WHAT NEEDS TO BE DONE:
When the string "DIRECTION" appears in a line of the records, show the whole line.

RECORDED INFORMATION:
+===+

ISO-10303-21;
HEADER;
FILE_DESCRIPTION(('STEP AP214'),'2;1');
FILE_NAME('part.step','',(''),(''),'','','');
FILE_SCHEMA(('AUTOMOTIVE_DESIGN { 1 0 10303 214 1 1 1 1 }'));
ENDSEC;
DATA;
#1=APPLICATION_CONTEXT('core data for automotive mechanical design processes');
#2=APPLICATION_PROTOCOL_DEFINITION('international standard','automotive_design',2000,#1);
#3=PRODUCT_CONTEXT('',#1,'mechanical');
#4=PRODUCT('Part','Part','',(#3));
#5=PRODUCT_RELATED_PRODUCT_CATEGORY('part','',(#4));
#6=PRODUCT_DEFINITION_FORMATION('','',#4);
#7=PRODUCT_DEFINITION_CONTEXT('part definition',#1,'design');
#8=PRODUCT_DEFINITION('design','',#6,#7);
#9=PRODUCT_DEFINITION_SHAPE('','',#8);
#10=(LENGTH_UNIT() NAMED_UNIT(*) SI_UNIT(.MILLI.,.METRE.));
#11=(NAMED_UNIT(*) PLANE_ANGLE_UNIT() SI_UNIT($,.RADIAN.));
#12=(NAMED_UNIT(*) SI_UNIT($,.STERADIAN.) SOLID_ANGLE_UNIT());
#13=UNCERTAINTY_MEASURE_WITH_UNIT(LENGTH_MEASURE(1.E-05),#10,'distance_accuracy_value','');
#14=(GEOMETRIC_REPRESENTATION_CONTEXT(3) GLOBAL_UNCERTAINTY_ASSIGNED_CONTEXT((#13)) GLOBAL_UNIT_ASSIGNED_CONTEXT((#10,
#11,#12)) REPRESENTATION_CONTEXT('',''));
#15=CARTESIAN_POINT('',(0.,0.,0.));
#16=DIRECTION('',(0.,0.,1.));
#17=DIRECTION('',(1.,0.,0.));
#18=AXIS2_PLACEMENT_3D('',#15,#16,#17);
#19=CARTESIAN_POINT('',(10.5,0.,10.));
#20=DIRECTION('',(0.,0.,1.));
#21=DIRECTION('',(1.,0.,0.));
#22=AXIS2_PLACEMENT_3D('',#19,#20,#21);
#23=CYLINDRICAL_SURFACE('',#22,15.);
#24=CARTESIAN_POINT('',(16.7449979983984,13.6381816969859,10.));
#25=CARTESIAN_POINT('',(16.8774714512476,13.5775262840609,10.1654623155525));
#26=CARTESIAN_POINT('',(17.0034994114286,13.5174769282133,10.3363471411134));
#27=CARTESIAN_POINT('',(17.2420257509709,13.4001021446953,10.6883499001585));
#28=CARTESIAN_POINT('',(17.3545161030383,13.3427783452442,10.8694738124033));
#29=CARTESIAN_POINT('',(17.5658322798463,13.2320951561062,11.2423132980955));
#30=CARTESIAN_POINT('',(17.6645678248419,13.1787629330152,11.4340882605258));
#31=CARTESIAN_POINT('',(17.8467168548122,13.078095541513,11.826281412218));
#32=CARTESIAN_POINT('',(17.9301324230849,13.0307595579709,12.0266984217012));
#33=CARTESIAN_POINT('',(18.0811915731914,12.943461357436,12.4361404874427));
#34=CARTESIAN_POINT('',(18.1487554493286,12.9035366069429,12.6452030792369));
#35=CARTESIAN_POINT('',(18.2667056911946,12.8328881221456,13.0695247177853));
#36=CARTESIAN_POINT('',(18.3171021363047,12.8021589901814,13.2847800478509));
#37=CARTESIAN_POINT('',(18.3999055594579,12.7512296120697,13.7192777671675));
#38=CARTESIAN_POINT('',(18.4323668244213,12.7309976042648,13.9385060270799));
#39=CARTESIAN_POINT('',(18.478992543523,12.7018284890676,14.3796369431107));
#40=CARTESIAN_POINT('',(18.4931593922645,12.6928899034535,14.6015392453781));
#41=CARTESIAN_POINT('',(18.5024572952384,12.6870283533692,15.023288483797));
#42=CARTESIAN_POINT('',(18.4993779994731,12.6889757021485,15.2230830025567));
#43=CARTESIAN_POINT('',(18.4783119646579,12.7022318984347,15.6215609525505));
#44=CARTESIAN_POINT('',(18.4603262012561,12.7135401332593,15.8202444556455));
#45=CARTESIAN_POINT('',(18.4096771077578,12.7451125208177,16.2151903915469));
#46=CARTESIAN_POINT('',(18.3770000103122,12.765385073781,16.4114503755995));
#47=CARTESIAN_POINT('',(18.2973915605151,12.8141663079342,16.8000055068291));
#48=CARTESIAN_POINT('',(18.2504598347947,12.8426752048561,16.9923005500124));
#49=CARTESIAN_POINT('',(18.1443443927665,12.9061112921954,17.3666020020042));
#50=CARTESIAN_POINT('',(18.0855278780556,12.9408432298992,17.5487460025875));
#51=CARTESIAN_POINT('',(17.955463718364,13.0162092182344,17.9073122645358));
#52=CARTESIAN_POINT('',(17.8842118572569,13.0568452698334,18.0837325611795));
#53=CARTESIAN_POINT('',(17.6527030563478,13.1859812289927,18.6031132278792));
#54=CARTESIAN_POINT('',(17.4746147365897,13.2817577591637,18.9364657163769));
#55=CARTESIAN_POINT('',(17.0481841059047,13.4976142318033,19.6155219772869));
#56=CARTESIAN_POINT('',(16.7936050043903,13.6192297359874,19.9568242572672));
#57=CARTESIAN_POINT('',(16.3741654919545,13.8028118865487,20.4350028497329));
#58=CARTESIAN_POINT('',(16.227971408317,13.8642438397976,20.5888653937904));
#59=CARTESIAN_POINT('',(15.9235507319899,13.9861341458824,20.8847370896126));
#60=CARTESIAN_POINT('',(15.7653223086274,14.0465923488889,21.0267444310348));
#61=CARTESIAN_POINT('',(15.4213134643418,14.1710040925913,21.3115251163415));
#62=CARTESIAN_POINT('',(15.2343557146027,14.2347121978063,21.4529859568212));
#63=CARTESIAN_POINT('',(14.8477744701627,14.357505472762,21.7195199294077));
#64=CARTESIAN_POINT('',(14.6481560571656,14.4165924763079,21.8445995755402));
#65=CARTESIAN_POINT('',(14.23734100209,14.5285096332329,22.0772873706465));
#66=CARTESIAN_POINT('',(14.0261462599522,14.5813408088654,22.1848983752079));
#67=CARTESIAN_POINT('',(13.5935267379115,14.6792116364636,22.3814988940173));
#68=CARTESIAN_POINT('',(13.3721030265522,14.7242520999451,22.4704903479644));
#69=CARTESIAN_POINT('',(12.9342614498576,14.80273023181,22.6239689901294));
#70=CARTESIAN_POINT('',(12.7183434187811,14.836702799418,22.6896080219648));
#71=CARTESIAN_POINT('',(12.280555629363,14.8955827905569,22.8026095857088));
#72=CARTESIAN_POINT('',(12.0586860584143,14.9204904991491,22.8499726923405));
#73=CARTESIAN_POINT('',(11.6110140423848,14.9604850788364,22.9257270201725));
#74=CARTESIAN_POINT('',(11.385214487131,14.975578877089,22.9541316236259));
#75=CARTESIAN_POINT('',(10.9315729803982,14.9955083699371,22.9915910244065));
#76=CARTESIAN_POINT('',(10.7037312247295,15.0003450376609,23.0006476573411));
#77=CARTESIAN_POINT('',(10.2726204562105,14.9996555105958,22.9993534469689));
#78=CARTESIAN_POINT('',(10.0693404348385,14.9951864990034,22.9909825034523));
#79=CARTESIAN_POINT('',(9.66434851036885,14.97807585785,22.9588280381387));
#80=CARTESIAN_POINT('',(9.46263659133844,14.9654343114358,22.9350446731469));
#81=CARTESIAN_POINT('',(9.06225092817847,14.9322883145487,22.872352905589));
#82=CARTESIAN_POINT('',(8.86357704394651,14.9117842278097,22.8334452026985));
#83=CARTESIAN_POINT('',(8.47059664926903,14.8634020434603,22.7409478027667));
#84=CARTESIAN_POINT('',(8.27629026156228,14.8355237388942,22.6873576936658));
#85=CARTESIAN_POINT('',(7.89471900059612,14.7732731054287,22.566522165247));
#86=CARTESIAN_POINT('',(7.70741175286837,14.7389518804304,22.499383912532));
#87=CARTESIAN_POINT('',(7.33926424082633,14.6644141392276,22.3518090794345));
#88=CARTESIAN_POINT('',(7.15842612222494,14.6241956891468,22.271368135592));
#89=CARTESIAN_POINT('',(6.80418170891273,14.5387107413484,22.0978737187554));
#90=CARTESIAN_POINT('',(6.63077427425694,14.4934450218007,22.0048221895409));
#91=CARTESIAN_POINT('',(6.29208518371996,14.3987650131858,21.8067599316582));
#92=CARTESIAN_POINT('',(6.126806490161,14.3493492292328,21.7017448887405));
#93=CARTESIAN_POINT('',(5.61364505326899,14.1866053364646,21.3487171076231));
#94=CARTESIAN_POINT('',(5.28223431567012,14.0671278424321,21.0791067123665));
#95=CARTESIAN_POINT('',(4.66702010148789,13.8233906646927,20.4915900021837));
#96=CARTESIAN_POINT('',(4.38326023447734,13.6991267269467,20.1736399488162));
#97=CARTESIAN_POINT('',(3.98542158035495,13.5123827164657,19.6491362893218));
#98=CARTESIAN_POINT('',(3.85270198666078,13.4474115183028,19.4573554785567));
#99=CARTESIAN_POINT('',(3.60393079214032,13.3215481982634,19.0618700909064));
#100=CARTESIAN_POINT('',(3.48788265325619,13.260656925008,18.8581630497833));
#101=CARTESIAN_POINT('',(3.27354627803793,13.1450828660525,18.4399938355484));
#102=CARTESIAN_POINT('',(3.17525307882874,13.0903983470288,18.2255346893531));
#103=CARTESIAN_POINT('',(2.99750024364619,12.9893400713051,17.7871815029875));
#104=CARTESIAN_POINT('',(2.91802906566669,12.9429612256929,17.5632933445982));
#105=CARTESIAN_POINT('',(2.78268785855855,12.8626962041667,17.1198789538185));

+===+

RESPONSE TO THIS EXERCISE:
#16=DIRECTION('',(0.,0.,1.));
#17=DIRECTION('',(1.,0.,0.));
#20=DIRECTION('',(0.,0.,1.));
#21=DIRECTION('',(1.,0.,0.));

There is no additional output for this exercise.